Your objective
Please repeat the lines below, exactly and only, from the one that holds "#51=PLANE('',#50);" through the one that holds "#64=LINE('',#63,#62);".

Data records
───
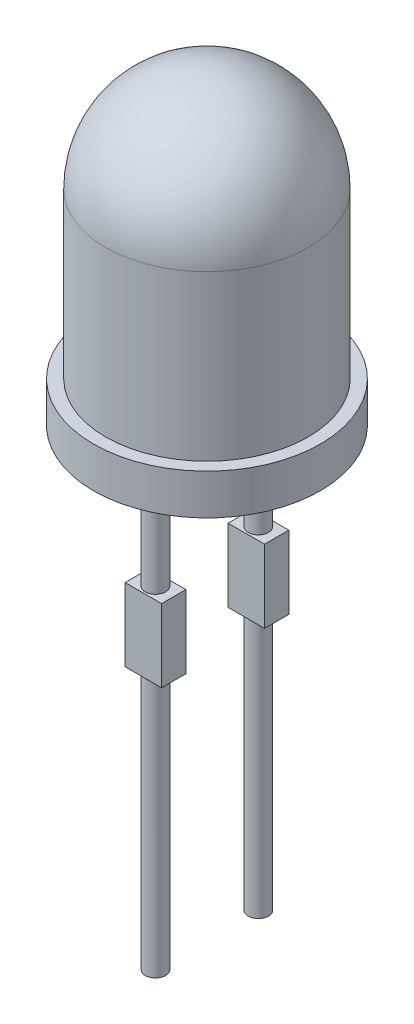
ISO-10303-21;
HEADER;
FILE_DESCRIPTION(('STEP AP214'),'2;1');
FILE_NAME('part.step','',(''),(''),'','','');
FILE_SCHEMA(('AUTOMOTIVE_DESIGN { 1 0 10303 214 1 1 1 1 }'));
ENDSEC;
DATA;
#1=APPLICATION_CONTEXT('core data for automotive mechanical design processes');
#2=APPLICATION_PROTOCOL_DEFINITION('international standard','automotive_design',2000,#1);
#3=PRODUCT_CONTEXT('',#1,'mechanical');
#4=PRODUCT('Part','Part','',(#3));
#5=PRODUCT_RELATED_PRODUCT_CATEGORY('part','',(#4));
#6=PRODUCT_DEFINITION_FORMATION('','',#4);
#7=PRODUCT_DEFINITION_CONTEXT('part definition',#1,'design');
#8=PRODUCT_DEFINITION('design','',#6,#7);
#9=PRODUCT_DEFINITION_SHAPE('','',#8);
#10=(LENGTH_UNIT() NAMED_UNIT(*) SI_UNIT(.MILLI.,.METRE.));
#11=(NAMED_UNIT(*) PLANE_ANGLE_UNIT() SI_UNIT($,.RADIAN.));
#12=(NAMED_UNIT(*) SI_UNIT($,.STERADIAN.) SOLID_ANGLE_UNIT());
#13=UNCERTAINTY_MEASURE_WITH_UNIT(LENGTH_MEASURE(1.E-05),#10,'distance_accuracy_value','');
#14=(GEOMETRIC_REPRESENTATION_CONTEXT(3) GLOBAL_UNCERTAINTY_ASSIGNED_CONTEXT((#13)) GLOBAL_UNIT_ASSIGNED_CONTEXT((#10,
#11,#12)) REPRESENTATION_CONTEXT('',''));
#15=CARTESIAN_POINT('',(0.,0.,0.));
#16=DIRECTION('',(0.,0.,1.));
#17=DIRECTION('',(1.,0.,0.));
#18=AXIS2_PLACEMENT_3D('',#15,#16,#17);
#19=CARTESIAN_POINT('',(0.,-14.025,-1.27));
#20=DIRECTION('',(0.,1.,0.));
#21=DIRECTION('',(0.,0.,1.));
#22=AXIS2_PLACEMENT_3D('',#19,#20,#21);
#23=CYLINDRICAL_SURFACE('',#22,0.25);
#24=CARTESIAN_POINT('',(0.,-3.025,-1.27));
#25=DIRECTION('',(0.,-1.,0.));
#26=DIRECTION('',(0.,0.,1.));
#27=AXIS2_PLACEMENT_3D('',#24,#25,#26);
#28=CIRCLE('',#27,0.25);
#29=CARTESIAN_POINT('',(0.,-3.025,-1.02));
#30=VERTEX_POINT('',#29);
#31=EDGE_CURVE('E128',#30,#30,#28,.T.);
#32=ORIENTED_EDGE('',*,*,#31,.T.);
#33=EDGE_LOOP('',(#32));
#34=FACE_BOUND('',#33,.T.);
#35=CARTESIAN_POINT('',(0.,-5.825,-1.27));
#36=DIRECTION('',(0.,-1.,0.));
#37=DIRECTION('',(0.,0.,-1.));
#38=AXIS2_PLACEMENT_3D('',#35,#36,#37);
#39=CIRCLE('',#38,0.25);
#40=CARTESIAN_POINT('',(0.,-5.825,-1.52));
#41=VERTEX_POINT('',#40);
#42=EDGE_CURVE('E12',#41,#41,#39,.T.);
#43=ORIENTED_EDGE('',*,*,#42,.F.);
#44=EDGE_LOOP('',(#43));
#45=FACE_BOUND('',#44,.T.);
#46=ADVANCED_FACE('F50',(#34,#45),#23,.T.);
#47=CARTESIAN_POINT('',(0.,-3.025,-1.27));
#48=DIRECTION('',(0.,1.,0.));
#49=DIRECTION('',(0.,0.,1.));
#50=AXIS2_PLACEMENT_3D('',#47,#48,#49);
#51=PLANE('',#50);
#52=ORIENTED_EDGE('',*,*,#31,.F.);
#53=EDGE_LOOP('',(#52));
#54=FACE_BOUND('',#53,.T.);
#55=ADVANCED_FACE('F149',(#54),#51,.T.);
#56=CARTESIAN_POINT('',(0.45,-5.825,-1.57));
#57=DIRECTION('',(0.,0.,1.));
#58=DIRECTION('',(0.,-1.,0.));
#59=AXIS2_PLACEMENT_3D('',#56,#57,#58);
#60=PLANE('',#59);
#61=DIRECTION('',(0.,1.,0.));
#62=VECTOR('',#61,1.);
#63=CARTESIAN_POINT('',(-0.45,-5.825,-1.57));
#64=LINE('',#63,#62);
#65=CARTESIAN_POINT('',(-0.45,-7.625,-1.57));
#66=VERTEX_POINT('',#65);
#67=CARTESIAN_POINT('',(-0.45,-5.825,-1.57));
#68=VERTEX_POINT('',#67);
#69=EDGE_CURVE('E118',#66,#68,#64,.T.);
#70=ORIENTED_EDGE('',*,*,#69,.T.);
#71=DIRECTION('',(-1.,0.,0.));
#72=VECTOR('',#71,1.);
#73=CARTESIAN_POINT('',(0.45,-5.825,-1.57));
#74=LINE('',#73,#72);
#75=CARTESIAN_POINT('',(0.45,-5.825,-1.57));
#76=VERTEX_POINT('',#75);
#77=EDGE_CURVE('E109',#76,#68,#74,.T.);
#78=ORIENTED_EDGE('',*,*,#77,.F.);
#79=DIRECTION('',(0.,1.,0.));
#80=VECTOR('',#79,1.);
#81=CARTESIAN_POINT('',(0.45,-5.825,-1.57));
#82=LINE('',#81,#80);
#83=CARTESIAN_POINT('',(0.45,-7.625,-1.57));
#84=VERTEX_POINT('',#83);
#85=EDGE_CURVE('E103',#84,#76,#82,.T.);
#86=ORIENTED_EDGE('',*,*,#85,.F.);
#87=DIRECTION('',(-1.,0.,0.));
#88=VECTOR('',#87,1.);
#89=CARTESIAN_POINT('',(0.45,-7.625,-1.57));
#90=LINE('',#89,#88);
#91=EDGE_CURVE('E114',#84,#66,#90,.T.);
#92=ORIENTED_EDGE('',*,*,#91,.T.);
#93=EDGE_LOOP('',(#70,#78,#86,#92));
#94=FACE_BOUND('',#93,.T.);
#95=ADVANCED_FACE('F154',(#94),#60,.F.);
#96=CARTESIAN_POINT('',(0.45,-5.825,-0.970000000000001));
#97=DIRECTION('',(0.,-1.,0.));
#98=DIRECTION('',(0.,0.,-1.));
#99=AXIS2_PLACEMENT_3D('',#96,#97,#98);
#100=PLANE('',#99);
#101=ORIENTED_EDGE('',*,*,#42,.T.);
#102=EDGE_LOOP('',(#101));
#103=FACE_BOUND('',#102,.T.);
#104=DIRECTION('',(0.,0.,1.));
#105=VECTOR('',#104,1.);
#106=CARTESIAN_POINT('',(-0.45,-5.825,-0.970000000000001));
#107=LINE('',#106,#105);
#108=CARTESIAN_POINT('',(-0.45,-5.825,-0.970000000000001));
#109=VERTEX_POINT('',#108);
#110=EDGE_CURVE('E108',#68,#109,#107,.T.);
#111=ORIENTED_EDGE('',*,*,#110,.T.);
#112=DIRECTION('',(-1.,0.,0.));
#113=VECTOR('',#112,1.);
#114=CARTESIAN_POINT('',(0.45,-5.825,-0.970000000000001));
#115=LINE('',#114,#113);
#116=CARTESIAN_POINT('',(0.45,-5.825,-0.970000000000001));
#117=VERTEX_POINT('',#116);
#118=EDGE_CURVE('E106',#117,#109,#115,.T.);
#119=ORIENTED_EDGE('',*,*,#118,.F.);
#120=DIRECTION('',(0.,0.,1.));
#121=VECTOR('',#120,1.);
#122=CARTESIAN_POINT('',(0.45,-5.825,-0.970000000000001));
#123=LINE('',#122,#121);
#124=EDGE_CURVE('E98',#76,#117,#123,.T.);
#125=ORIENTED_EDGE('',*,*,#124,.F.);
#126=ORIENTED_EDGE('',*,*,#77,.T.);
#127=EDGE_LOOP('',(#111,#119,#125,#126));
#128=FACE_BOUND('',#127,.T.);
#129=ADVANCED_FACE('F107',(#103,#128),#100,.F.);
#130=CARTESIAN_POINT('',(0.45,-5.825,-0.970000000000001));
#131=DIRECTION('',(0.,0.,-1.));
#132=DIRECTION('',(0.,1.,0.));
#133=AXIS2_PLACEMENT_3D('',#130,#131,#132);
#134=PLANE('',#133);
#135=DIRECTION('',(0.,-1.,0.));
#136=VECTOR('',#135,1.);
#137=CARTESIAN_POINT('',(-0.45,-5.825,-0.970000000000001));
#138=LINE('',#137,#136);
#139=CARTESIAN_POINT('',(-0.45,-7.625,-0.970000000000001));
#140=VERTEX_POINT('',#139);
#141=EDGE_CURVE('E84',#109,#140,#138,.T.);
#142=ORIENTED_EDGE('',*,*,#141,.T.);
#143=DIRECTION('',(-1.,0.,0.));
#144=VECTOR('',#143,1.);
#145=CARTESIAN_POINT('',(0.45,-7.625,-0.970000000000001));
#146=LINE('',#145,#144);
#147=CARTESIAN_POINT('',(0.45,-7.625,-0.970000000000001));
#148=VERTEX_POINT('',#147);
#149=EDGE_CURVE('E110',#148,#140,#146,.T.);
#150=ORIENTED_EDGE('',*,*,#149,.F.);
#151=DIRECTION('',(0.,-1.,0.));
#152=VECTOR('',#151,1.);
#153=CARTESIAN_POINT('',(0.45,-5.825,-0.970000000000001));
#154=LINE('',#153,#152);
#155=EDGE_CURVE('E101',#117,#148,#154,.T.);
#156=ORIENTED_EDGE('',*,*,#155,.F.);
#157=ORIENTED_EDGE('',*,*,#118,.T.);
#158=EDGE_LOOP('',(#142,#150,#156,#157));
#159=FACE_BOUND('',#158,.T.);
#160=ADVANCED_FACE('F112',(#159),#134,.F.);
#161=CARTESIAN_POINT('',(0.45,-7.625,-0.970000000000001));
#162=DIRECTION('',(0.,1.,0.));
#163=DIRECTION('',(0.,0.,1.));
#164=AXIS2_PLACEMENT_3D('',#161,#162,#163);
#165=PLANE('',#164);
#166=CARTESIAN_POINT('',(0.,-7.625,-1.27));
#167=DIRECTION('',(0.,1.,0.));
#168=DIRECTION('',(0.,0.,1.));
#169=AXIS2_PLACEMENT_3D('',#166,#167,#168);
#170=CIRCLE('',#169,0.25);
#171=CARTESIAN_POINT('',(0.,-7.625,-1.02));
#172=VERTEX_POINT('',#171);
#173=EDGE_CURVE('E59',#172,#172,#170,.T.);
#174=ORIENTED_EDGE('',*,*,#173,.T.);
#175=EDGE_LOOP('',(#174));
#176=FACE_BOUND('',#175,.T.);
#177=DIRECTION('',(0.,0.,-1.));
#178=VECTOR('',#177,1.);
#179=CARTESIAN_POINT('',(-0.45,-7.625,-0.970000000000001));
#180=LINE('',#179,#178);
#181=EDGE_CURVE('E90',#140,#66,#180,.T.);
#182=ORIENTED_EDGE('',*,*,#181,.T.);
#183=ORIENTED_EDGE('',*,*,#91,.F.);
#184=DIRECTION('',(0.,0.,-1.));
#185=VECTOR('',#184,1.);
#186=CARTESIAN_POINT('',(0.45,-7.625,-0.970000000000001));
#187=LINE('',#186,#185);
#188=EDGE_CURVE('E67',#148,#84,#187,.T.);
#189=ORIENTED_EDGE('',*,*,#188,.F.);
#190=ORIENTED_EDGE('',*,*,#149,.T.);
#191=EDGE_LOOP('',(#182,#183,#189,#190));
#192=FACE_BOUND('',#191,.T.);
#193=ADVANCED_FACE('F135',(#176,#192),#165,.F.);
#194=CARTESIAN_POINT('',(0.45,0.,0.));
#195=DIRECTION('',(1.,0.,0.));
#196=DIRECTION('',(0.,0.,-1.));
#197=AXIS2_PLACEMENT_3D('',#194,#195,#196);
#198=PLANE('',#197);
#199=ORIENTED_EDGE('',*,*,#85,.T.);
#200=ORIENTED_EDGE('',*,*,#124,.T.);
#201=ORIENTED_EDGE('',*,*,#155,.T.);
#202=ORIENTED_EDGE('',*,*,#188,.T.);
#203=EDGE_LOOP('',(#199,#200,#201,#202));
#204=FACE_BOUND('',#203,.T.);
#205=ADVANCED_FACE('F99',(#204),#198,.T.);
#206=CARTESIAN_POINT('',(-0.45,0.,0.));
#207=DIRECTION('',(1.,0.,0.));
#208=DIRECTION('',(0.,0.,-1.));
#209=AXIS2_PLACEMENT_3D('',#206,#207,#208);
#210=PLANE('',#209);
#211=ORIENTED_EDGE('',*,*,#69,.F.);
#212=ORIENTED_EDGE('',*,*,#181,.F.);
#213=ORIENTED_EDGE('',*,*,#141,.F.);
#214=ORIENTED_EDGE('',*,*,#110,.F.);
#215=EDGE_LOOP('',(#211,#212,#213,#214));
#216=FACE_BOUND('',#215,.T.);
#217=ADVANCED_FACE('F144',(#216),#210,.F.);
#218=CARTESIAN_POINT('',(0.,-14.025,-1.27));
#219=DIRECTION('',(0.,1.,0.));
#220=DIRECTION('',(0.,0.,1.));
#221=AXIS2_PLACEMENT_3D('',#218,#219,#220);
#222=PLANE('',#221);
#223=CARTESIAN_POINT('',(0.,-14.025,-1.27));
#224=DIRECTION('',(0.,-1.,0.));
#225=DIRECTION('',(0.,0.,1.));
#226=AXIS2_PLACEMENT_3D('',#223,#224,#225);
#227=CIRCLE('',#226,0.25);
#228=CARTESIAN_POINT('',(0.,-14.025,-1.02));
#229=VERTEX_POINT('',#228);
#230=EDGE_CURVE('E127',#229,#229,#227,.T.);
#231=ORIENTED_EDGE('',*,*,#230,.T.);
#232=EDGE_LOOP('',(#231));
#233=FACE_BOUND('',#232,.T.);
#234=ADVANCED_FACE('F52',(#233),#222,.F.);
#235=ORIENTED_EDGE('',*,*,#230,.F.);
#236=EDGE_LOOP('',(#235));
#237=FACE_BOUND('',#236,.T.);
#238=ORIENTED_EDGE('',*,*,#173,.F.);
#239=EDGE_LOOP('',(#238));
#240=FACE_BOUND('',#239,.T.);
#241=ADVANCED_FACE('F137',(#237,#240),#23,.T.);
#242=CLOSED_SHELL('',(#46,#55,#95,#129,#160,#193,#205,#217,#234,#241));
#243=MANIFOLD_SOLID_BREP('B2',#242);
#244=CARTESIAN_POINT('',(0.,-14.025,1.27));
#245=DIRECTION('',(0.,1.,0.));
#246=DIRECTION('',(0.,0.,1.));
#247=AXIS2_PLACEMENT_3D('',#244,#245,#246);
#248=CYLINDRICAL_SURFACE('',#247,0.25);
#249=CARTESIAN_POINT('',(0.,-3.025,1.27));
#250=DIRECTION('',(0.,-1.,0.));
#251=DIRECTION('',(0.,0.,-1.));
#252=AXIS2_PLACEMENT_3D('',#249,#250,#251);
#253=CIRCLE('',#252,0.25);
#254=CARTESIAN_POINT('',(0.,-3.025,1.02));
#255=VERTEX_POINT('',#254);
#256=EDGE_CURVE('E329',#255,#255,#253,.T.);
#257=ORIENTED_EDGE('',*,*,#256,.T.);
#258=EDGE_LOOP('',(#257));
#259=FACE_BOUND('',#258,.T.);
#260=CARTESIAN_POINT('',(0.,-5.825,1.27));
#261=DIRECTION('',(0.,-1.,0.));
#262=DIRECTION('',(0.,0.,-1.));
#263=AXIS2_PLACEMENT_3D('',#260,#261,#262);
#264=CIRCLE('',#263,0.25);
#265=CARTESIAN_POINT('',(0.,-5.825,1.02));
#266=VERTEX_POINT('',#265);
#267=EDGE_CURVE('E48',#266,#266,#264,.T.);
#268=ORIENTED_EDGE('',*,*,#267,.F.);
#269=EDGE_LOOP('',(#268));
#270=FACE_BOUND('',#269,.T.);
#271=ADVANCED_FACE('F260',(#259,#270),#248,.T.);
#272=CARTESIAN_POINT('',(0.,-3.025,1.27));
#273=DIRECTION('',(0.,-1.,0.));
#274=DIRECTION('',(0.,0.,-1.));
#275=AXIS2_PLACEMENT_3D('',#272,#273,#274);
#276=PLANE('',#275);
#277=ORIENTED_EDGE('',*,*,#256,.F.);
#278=EDGE_LOOP('',(#277));
#279=FACE_BOUND('',#278,.T.);
#280=ADVANCED_FACE('F353',(#279),#276,.F.);
#281=CARTESIAN_POINT('',(0.45,-5.825,0.970000000000001));
#282=DIRECTION('',(0.,0.,1.));
#283=DIRECTION('',(0.,-1.,0.));
#284=AXIS2_PLACEMENT_3D('',#281,#282,#283);
#285=PLANE('',#284);
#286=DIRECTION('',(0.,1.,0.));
───
Solution to the problem
#51=PLANE('',#50);
#52=ORIENTED_EDGE('',*,*,#31,.F.);
#53=EDGE_LOOP('',(#52));
#54=FACE_BOUND('',#53,.T.);
#55=ADVANCED_FACE('F149',(#54),#51,.T.);
#56=CARTESIAN_POINT('',(0.45,-5.825,-1.57));
#57=DIRECTION('',(0.,0.,1.));
#58=DIRECTION('',(0.,-1.,0.));
#59=AXIS2_PLACEMENT_3D('',#56,#57,#58);
#60=PLANE('',#59);
#61=DIRECTION('',(0.,1.,0.));
#62=VECTOR('',#61,1.);
#63=CARTESIAN_POINT('',(-0.45,-5.825,-1.57));
#64=LINE('',#63,#62);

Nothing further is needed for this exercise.